Perhaps more impressive is the acceleration of the shorter-geared Agil model, which dispatches a 0-186mph sprint in roughly 10sec.

Read more about the Zenvo Aurora here

4. Koenigsegg Agera RS - 277.8mph

World's fastest production cars - Koenigsegg Agera RS

When it used a customer's Agera RS to earn the outright world record top speed in 2017, Koenigsegg also took the record for the highest speed ever recorded on a public road.

Mercedes had held that particular crown since 1938, when a highly modified W125 grand prix car managed 268mph on a closed stretch of autobahn.

As an indication of 80 years of progress, the Agera RS was entirely standard, with Koenigsegg's optional 1MW engine package producing a colossal 1360bhp.

Read about the Koenigsegg Agera RS beaking its own 0-400-0kph record

5. Hennessey Venom F5 - 271.6mph

Hennessey venom f5

Unlike its Lotus Elise-based predecessor, the Hennessey Venom F5 is a bespoke build from the ground up - a first for the American firm.
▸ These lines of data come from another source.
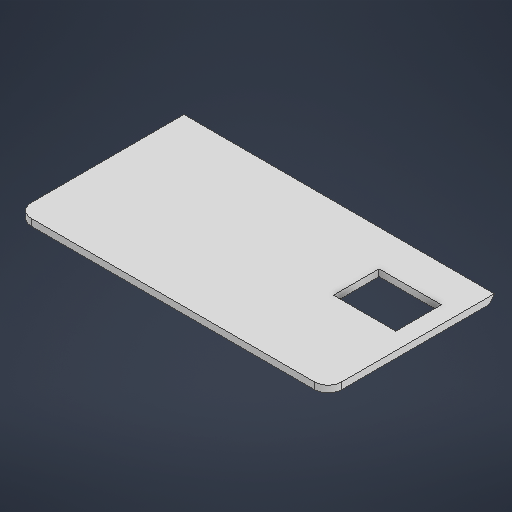
# Autodesk Inventor part: 前舵机位置控制
Saved by Autodesk Inventor 2025 (Build 290162000, 162)
## iProperties
Created: 2025-12-02
Part Number: 前舵机位置控制
Material: 常规
Document SubType Name: Modeling
Designer: HZD
Density: 1 g/cm^3
Appearance: 默认
Author: HZD
Autodesk Inventor part; units mm, degrees
ref_plane "YZ Plane" through (0, 0, 0) normal (1, 0, 0) x (0, 1, 0)
ref_plane "XZ Plane" through (0, 0, 0) normal (0, 1, 0) x (-1, 0, 0)
ref_plane "XY Plane" through (0, 0, 0) normal (0, 0, 1) x (1, 0, 0)
sketch "草图2" plane through (0, 0, 0) normal (0, 1, 0) x (-1, 0, 0)
  line L0 (-73.613, -25.5176) -> (7.387, -25.5176) projected
  line L1 (-73.613, -25.5176) -> (-73.613, 14.4824) projected
  line L2 (7.387, 14.4824) -> (-73.613, 14.4824) projected
  line L3 (7.387, -25.5176) -> (7.387, 14.4824) projected
  point P0 (0, 0)
extrude "拉伸1" add sketch "草图2" along normal blind 3
sketch "草图3" plane through (-7.387, 0, -25.5176) normal (-1, 0, 0) x (0, 0, 1)
  line L0 (0, 0) -> (40, 0) projected
  line L1 (0, 0) -> (-3, 0)
  line L2 (-3, 0) -> (-3, 26)
  line L3 (-3, 26) -> (0, 26)
  line L4 (0, 26) -> (0, 0)
  point P0 (25.5176, 0)
  dimension "d2" = 3
  dimension "d3" = 26
  constraints: 8 end point, 2 parallel, 1 horizontal, 1 perpendicular
  measures "d2" distance of L2.end L3.end
  measures "d3" distance between parallel lines of L1 L3
extrude "拉伸2" add sketch "草图3" against normal up to surface (81 mm away)
fillet "圆角1" radius 6.5 2 edges at (33.113, 3, -25.5176) (33.113, 0, -28.5176)
sketch "草图4" plane through (73.613, 26, -28.5176) normal (0, 0, -1) x (-1, 0, 0)
  line L0 (3, -1.1) -> (78, -1.1) projected
  line L1 (3, -76.1) -> (3, -1.1) projected
  line L2 (78, -76.1) -> (3, -76.1) projected
  line L3 (78, -1.1) -> (78, -76.1) projected
  line L4 (81, -79.1) -> (0, -79.1)
  line L5 (0, -79.1) -> (0, 1.9)
  line L6 (0, 1.9) -> (81, 1.9)
  line L7 (81, 1.9) -> (81, -79.1)
  line L8 (81, -8.1) -> (0, -8.1)
  line L9 (71, 1.9) -> (71, -79.1)
  line L10 (37.5, -29.6254) -> (37.5, -58.9595)
  line L11 (4, 1.9) -> (4, -79.1)
  point P0 (73.613, -26)
  point P1 (3, -8.1)
  point P2 (78, -8.1)
  dimension "d8" = 3
  dimension "d9" = 10
  dimension "d10" = 10
  constraints: 16 end point, 4 point on line, 2 perpendicular, 2 symmetric about line, 1 vertical, 3 other
  measures "d8" distance between parallel lines of L3 L7
  measures "d9" distance between parallel lines of L6 L8
  measures "d10" distance between parallel lines of L7 L9
extrude "拉伸3" add sketch "草图4" along normal blind 2 contours L1 L8 L5 L6 L11 L0 | L11 L6 L9 L0 | L9 L6 L7 L8 L3 L0
sketch "草图5" plane through (73.613, 26, -28.5176) normal (0, 0, 1) x (1, 0, 0)
  line L0 (0, 1.9) -> (0, 0) projected
  line L1 (-81, 1.9) -> (0, 1.9) projected
  line L2 (-81, 0) -> (-81, 1.9) projected
  line L3 (-81, 0) -> (0, 0) projected
  point P0 (-73.613, -26)
extrude "拉伸4" add sketch "草图5" along normal up to surface (3 mm away)
sketch "草图6" plane through (0, 0, 0) normal (0, -1, 0) x (1, 0, 0)
  point P0 (0, 0)
sketch "草图7" plane through (0, 0, 0) normal (0, -1, 0) x (1, 0, 0)
  line L0 (-4.387, -23.5176) -> (-7.387, -23.5176) projected
  line L1 (-4.387, -23.5176) -> (-4.387, 10.4824) projected
  line L2 (-4.387, 10.4824) -> (70.613, 10.4824) projected
  line L3 (70.613, 10.4824) -> (70.613, -23.5176) projected
  line L4 (73.613, -23.5176) -> (70.613, -23.5176) projected
  line L5 (73.613, -23.5176) -> (73.613, 14.4824) projected
  line L6 (-7.387, 14.4824) -> (73.613, 14.4824) projected
  line L7 (-7.387, -23.5176) -> (-7.387, 14.4824) projected
  circle A0 centre (-1.887, 7.4824) radius 1
  circle A1 centre (-1.887, 3.7324) radius 1
  circle A2 centre (-1.887, -0.0176) radius 1
  line L8 (-0.012, 10.0781) -> (-0.012, 2.7913)
  circle A3 centre (1.863, 7.4824) radius 1
  circle A4 centre (1.863, 3.7324) radius 1
  circle A5 centre (1.863, -0.0176) radius 1
  point P0 (0, 0)
  dimension "d16" = 3.75
  dimension "d17" = 3.75
  dimension "d18" = 2
  dimension "d19" = 2
  dimension "d20" = 2
  dimension "d22" = 1.875
  dimension "d32" = 3
  dimension "d78" = 2.5
  constraints: 6 centre point, 3 symmetric about line, 2 end point, 2 vertical alignment, 1 vertical, 3 other
  measures "d16" distance of A1.centre A0.centre
  measures "d17" distance of A1.centre A2.centre
  measures "d18" diameter of A2
  measures "d19" diameter of A1
  measures "d20" diameter of A0
  measures "d22" distance from line of A1.centre L8
  measures "d32" distance from line of L2 A3.centre
  measures "d78" distance from line of A0.centre L1
extrude "拉伸5" cut sketch "草图7" against normal blind 2 contours A0 | A1 | A2 | A3 | A4 | A5
fillet "圆角3" radius 0.3 6 edges at (-2.887, 2, 7.4824) (0.863, 2, 7.4824) (0.863, 2, 3.7324) (-2.887, 2, 3.7324) (0.863, 2, -0.0176) (-2.887, 2, -0.0176)
chamfer "倒角1" distance 0.5 angle 45 6 edges at (0.863, 0, 7.4824) (0.863, 0, 3.7324) (0.863, 0, -0.0176) (-2.887, 0, 3.7324) (-2.887, 0, 7.4824) (-2.887, 0, -0.0176)
pattern_linear "矩形阵列1" count 8 spacing 9 along (1, 0, 0) of "拉伸5", "圆角3", "倒角1"
pattern_linear "矩形阵列2" count 2 spacing 15 along (0, 0, -1) of "拉伸5", "圆角3", "倒角1", "矩形阵列1"
sketch "草图8" plane through (-7.387, 0, 14.4824) normal (-1, 0, 0) x (0, 0, 1)
  line L0 (-34.4531, 29.25) -> (-48.8428, 29.25)
  line L1 (-48.8428, 29.25) -> (-48.8428, 9.5)
  line L2 (-48.8428, 9.5) -> (-34.4531, 9.5)
  line L3 (-34.4531, 9.5) -> (-34.4531, 29.25)
  point P0 (-14.4824, 0)
  point P1 (-40, 9.5)
  constraints: 8 end point, 2 parallel, 1 horizontal, 1 perpendicular, 1 point on line
extrude "拉伸6" cut sketch "草图8" against normal blind 138.5
move faces "移动1" translate (34, 0, 0) faces at (73.613, 1, -8.8509)
sketch "草图10" plane through (0, 3, 0) normal (0, 1, 0) x (1, 0, 0)
  line L0 (70.0223, 10.5176) -> (109.2642, 10.5176)
  line L1 (109.2642, 10.5176) -> (109.2642, 51.6366)
  line L2 (109.2642, 51.6366) -> (70.0223, 51.6366)
  line L3 (70.0223, 51.6366) -> (70.0223, 10.5176)
  line L4 (70.0223, 58.5176) -> (70.0223, 28.5176)
  point P0 (0, 0)
  constraints: 10 end point, 2 parallel, 1 collinear, 1 horizontal, 1 perpendicular, 1 vertical, 2 other
extrude "拉伸8" cut sketch "草图10" along normal blind 55.75
delete faces "删除1" heal yes whole lump no faces at (44.2192, 5.0789, -23.7824)
fillet "圆角6" radius 2 2 edges at (-7.387, 0, -3.7676) (-7.387, 0.7991, -25.1401)
sketch "草图18" plane through (107.613, 0, 14.4824) normal (1, 0, 0) x (0, 0, -1)
  arc A0 (36.5, 0) -> (41.9772, 3) centre (36.5, 6.5) ccw projected
  line L0 (36.5, 0) -> (41.9772, 0)
  line L1 (41.9772, 0) -> (41.9772, 3)
  line L2 (41.9772, 3) -> (36.5, 3)
  line L3 (36.5, 3) -> (36.5, 0)
  point P0 (14.4824, 0)
  constraints: 8 end point, 2 parallel, 1 horizontal, 1 perpendicular
delete faces "删除3" heal yes whole lump no faces at (-7.2982, 1.4105, 2.3158) (-6.321, 0.578, -24.0729)
extrude "拉伸15" add sketch "草图18" against normal up to surface (115 mm away) contours A0 L1 L0
sketch "草图19" plane through (-7.387, 3, 14.4824) normal (0, 1, 0) x (1, 0, 0)
  arc A0 (111.7381, -34.2953) -> (117.7381, -28.2953) centre (111.7381, -28.2953) ccw
  line L0 (-20.2551, 42.7047) -> (117.7381, 42.7047)
  line L1 (117.7381, 42.7047) -> (117.7381, -34.2953)
  line L2 (117.7381, -34.2953) -> (-20.2551, -34.2953)
  line L3 (-20.2551, -34.2953) -> (-20.2551, 42.7047)
  line L4 (0, 41.9772) -> (115, 41.9772) projected
  line L5 (0, 41.9772) -> (0, 0) projected
  line L6 (0, 0) -> (115, 0) projected
  line L7 (115, 0) -> (115, 41.9772) projected
  line L8 (0, 41.9772) -> (0, 0) projected
  line L9 (115, 41.9772) -> (0, 41.9772) projected
  line L10 (115, 0) -> (115, 41.9772) projected
  line L11 (0, 0) -> (115, 0) projected
  circle A1 centre (5.5, 14.5) radius 1.5 projected
  circle A2 centre (5.5, 10.75) radius 1.5 projected
  circle A3 centre (5.5, 7) radius 1.5 projected
  circle A4 centre (9.25, 7) radius 1.5 projected
  circle A5 centre (9.25, 10.75) radius 1.5 projected
  circle A6 centre (9.25, 14.5) radius 1.5 projected
  circle A7 centre (14.5, 14.5) radius 1.5 projected
  circle A8 centre (14.5, 10.75) radius 1.5 projected
  circle A9 centre (14.5, 7) radius 1.5 projected
  circle A10 centre (18.25, 7) radius 1.5 projected
  circle A11 centre (18.25, 10.75) radius 1.5 projected
  circle A12 centre (18.25, 14.5) radius 1.5 projected
  circle A13 centre (23.5, 14.5) radius 1.5 projected
  circle A14 centre (23.5, 10.75) radius 1.5 projected
  circle A15 centre (23.5, 7) radius 1.5 projected
  circle A16 centre (27.25, 7) radius 1.5 projected
  circle A17 centre (27.25, 10.75) radius 1.5 projected
  circle A18 centre (27.25, 14.5) radius 1.5 projected
  circle A19 centre (32.5, 14.5) radius 1.5 projected
  circle A20 centre (32.5, 10.75) radius 1.5 projected
  circle A21 centre (32.5, 7) radius 1.5 projected
  circle A22 centre (36.25, 7) radius 1.5 projected
  circle A23 centre (36.25, 10.75) radius 1.5 projected
  circle A24 centre (36.25, 14.5) radius 1.5 projected
  circle A25 centre (41.5, 14.5) radius 1.5 projected
  circle A26 centre (41.5, 10.75) radius 1.5 projected
  circle A27 centre (41.5, 7) radius 1.5 projected
  circle A28 centre (45.25, 7) radius 1.5 projected
  circle A29 centre (45.25, 10.75) radius 1.5 projected
  circle A30 centre (45.25, 14.5) radius 1.5 projected
  circle A31 centre (50.5, 14.5) radius 1.5 projected
  circle A32 centre (50.5, 10.75) radius 1.5 projected
  circle A33 centre (50.5, 7) radius 1.5 projected
  circle A34 centre (54.25, 7) radius 1.5 projected
  circle A35 centre (54.25, 10.75) radius 1.5 projected
  circle A36 centre (54.25, 14.5) radius 1.5 projected
  circle A37 centre (59.5, 14.5) radius 1.5 projected
  circle A38 centre (59.5, 10.75) radius 1.5 projected
  circle A39 centre (59.5, 7) radius 1.5 projected
  circle A40 centre (63.25, 7) radius 1.5 projected
  circle A41 centre (63.25, 10.75) radius 1.5 projected
  circle A42 centre (63.25, 14.5) radius 1.5 projected
  circle A43 centre (68.5, 14.5) radius 1.5 projected
  circle A44 centre (68.5, 10.75) radius 1.5 projected
  circle A45 centre (68.5, 7) radius 1.5 projected
  circle A46 centre (72.25, 7) radius 1.5 projected
  circle A47 centre (72.25, 10.75) radius 1.5 projected
  circle A48 centre (72.25, 14.5) radius 1.5 projected
  circle A49 centre (5.5, 29.5) radius 1.5 projected
  circle A50 centre (5.5, 25.75) radius 1.5 projected
  circle A51 centre (5.5, 22) radius 1.5 projected
  circle A52 centre (9.25, 22) radius 1.5 projected
  circle A53 centre (9.25, 25.75) radius 1.5 projected
  circle A54 centre (9.25, 29.5) radius 1.5 projected
  circle A55 centre (14.5, 29.5) radius 1.5 projected
  circle A56 centre (14.5, 25.75) radius 1.5 projected
  circle A57 centre (14.5, 22) radius 1.5 projected
  circle A58 centre (18.25, 22) radius 1.5 projected
  circle A59 centre (18.25, 25.75) radius 1.5 projected
  circle A60 centre (18.25, 29.5) radius 1.5 projected
  circle A61 centre (23.5, 29.5) radius 1.5 projected
  circle A62 centre (23.5, 25.75) radius 1.5 projected
  circle A63 centre (23.5, 22) radius 1.5 projected
  circle A64 centre (27.25, 22) radius 1.5 projected
  circle A65 centre (27.25, 25.75) radius 1.5 projected
  circle A66 centre (27.25, 29.5) radius 1.5 projected
  circle A67 centre (32.5, 29.5) radius 1.5 projected
  circle A68 centre (32.5, 25.75) radius 1.5 projected
  circle A69 centre (32.5, 22) radius 1.5 projected
  circle A70 centre (36.25, 22) radius 1.5 projected
  circle A71 centre (36.25, 25.75) radius 1.5 projected
  circle A72 centre (36.25, 29.5) radius 1.5 projected
  circle A73 centre (41.5, 29.5) radius 1.5 projected
  circle A74 centre (41.5, 25.75) radius 1.5 projected
  circle A75 centre (41.5, 22) radius 1.5 projected
  circle A76 centre (45.25, 22) radius 1.5 projected
  circle A77 centre (45.25, 25.75) radius 1.5 projected
  circle A78 centre (45.25, 29.5) radius 1.5 projected
  circle A79 centre (50.5, 29.5) radius 1.5 projected
  circle A80 centre (50.5, 25.75) radius 1.5 projected
  circle A81 centre (50.5, 22) radius 1.5 projected
  circle A82 centre (54.25, 22) radius 1.5 projected
  circle A83 centre (54.25, 25.75) radius 1.5 projected
  circle A84 centre (54.25, 29.5) radius 1.5 projected
  circle A85 centre (59.5, 29.5) radius 1.5 projected
  circle A86 centre (59.5, 25.75) radius 1.5 projected
  circle A87 centre (59.5, 22) radius 1.5 projected
  circle A88 centre (63.25, 22) radius 1.5 projected
  circle A89 centre (63.25, 25.75) radius 1.5 projected
  circle A90 centre (63.25, 29.5) radius 1.5 projected
  circle A91 centre (68.5, 29.5) radius 1.5 projected
  circle A92 centre (68.5, 25.75) radius 1.5 projected
  circle A93 centre (68.5, 22) radius 1.5 projected
  circle A94 centre (72.25, 22) radius 1.5 projected
  circle A95 centre (72.25, 25.75) radius 1.5 projected
  circle A96 centre (72.25, 29.5) radius 1.5 projected
  point P0 (111.7381, -34.2953)
  point P1 (117.7381, -28.2953)
  constraints: 8 end point, 2 parallel, 2 point on circle, 1 centre point, 1 horizontal, 1 perpendicular, 5 other
extrude "拉伸16" add sketch "草图19" against normal blind 3 contours L2 L3 L0 L1 A0
fillet "圆角7" radius 6 1 edges at (-27.6421, 1.5, 48.7778)
sketch "草图20" plane through (110.3511, 3, 42.7778) normal (1, 0, 0) x (0, 0, -1)
  line L0 (66.3497, -2.1735) -> (69.0116, 1.5)
  spline S0 degree 3 poles (66.3497, -2.1735) (66.2851, -2.2627) (66.2134, -2.346) (65.9612, -2.5956) (65.7378, -2.7479) (65.2475, -2.9501) (64.9805, -3) (64.7302, -3) knots 0 0 0 0 0.178498 0.178498 0.589249 0.589249 1 1 1 1
  line L1 (26, -3) -> (66, -3)
  line L2 (0, 0) -> (71, 0)
  line L3 (71, -3) -> (0, -3)
  line L4 (71, 0) -> (71, -3)
  line L5 (0, 0) -> (71, 0)
  line L6 (0, 0) -> (0, -3)
  point P0 (42.7778, -3)
  point P1 (67.9247, 0)
  point P2 (66, -3)
  constraints: 4 end point, 1 horizontal, 8 other
extrude "拉伸17" cut sketch "草图20" against normal blind 182.75 contours L0 L2 L4 L3 L1 S0
sketch "草图21" plane through (-21.6421, 3, 48.7778) normal (0, 1, 0) x (1, 0, 0)
  line L0 (124.4663, 57.9002) -> (96.7663, 57.8614)
  line L1 (124.4663, 57.9002) -> (124.4947, 37.6402)
  line L2 (124.4947, 37.6402) -> (96.7947, 37.6014)
  line L3 (96.7947, 37.6014) -> (96.7663, 57.8614)
  point P0 (21.6421, 48.7778)
  constraints: 8 end point, 8 other
extrude "拉伸18" cut sketch "草图21" against normal blind 10
sketch "草图23" plane through (-21.6421, 0, 48.7778) normal (0, -1, 0) x (1, 0, 0)
  line L0 (-4.0068, -26) -> (-4.0068, -16)
  line L1 (-4.0068, -16) -> (0.9932, -16)
  line L2 (0.9932, -16) -> (0.9932, -26)
  line L3 (0.9932, -26) -> (-4.0068, -26)
  line L4 (0.9932, -49) -> (-4.0068, -49)
  line L5 (-4.0068, -49) -> (-4.0068, -59)
  line L6 (0.9932, -59) -> (0.9932, -49)
  line L7 (-4.0068, -59) -> (0.9932, -59)
  line L8 (129.9865, -16) -> (124.9865, -16)
  line L9 (129.9865, -26) -> (129.9865, -16)
  line L10 (124.9865, -16) -> (124.9865, -26)
  line L11 (124.9865, -26) -> (129.9865, -26)
  point P0 (21.6421, -48.7778)
  constraints: 24 end point, 6 horizontal, 6 vertical, 12 other
extrude "拉伸19" cut sketch "草图23" against normal blind 1.5

Featuring a carbonfibre tub and a twin-turbocharged 6.6-litre V8 that packs a monstrous 1817bhp and gearbox-shredding 1193lb ft, the F5 sprints from 0-250mph in just 15.5sec – half the time of the Bugatti Chiron.

Hennessey also promises a top speed of 341mph, although 271.6mph is as fast as the car has gone so far.

Watch as the Hennessey Venom F5 unleashes its full 1817bhp

6. Hennessey Venom GT - 270.4mph

World's fastest production cars - Hennessey Venom GT

It was the Venom GT (which used the Lotus Exige as its foundation) that would go on to steal the record from Bugatti - although not without controversy.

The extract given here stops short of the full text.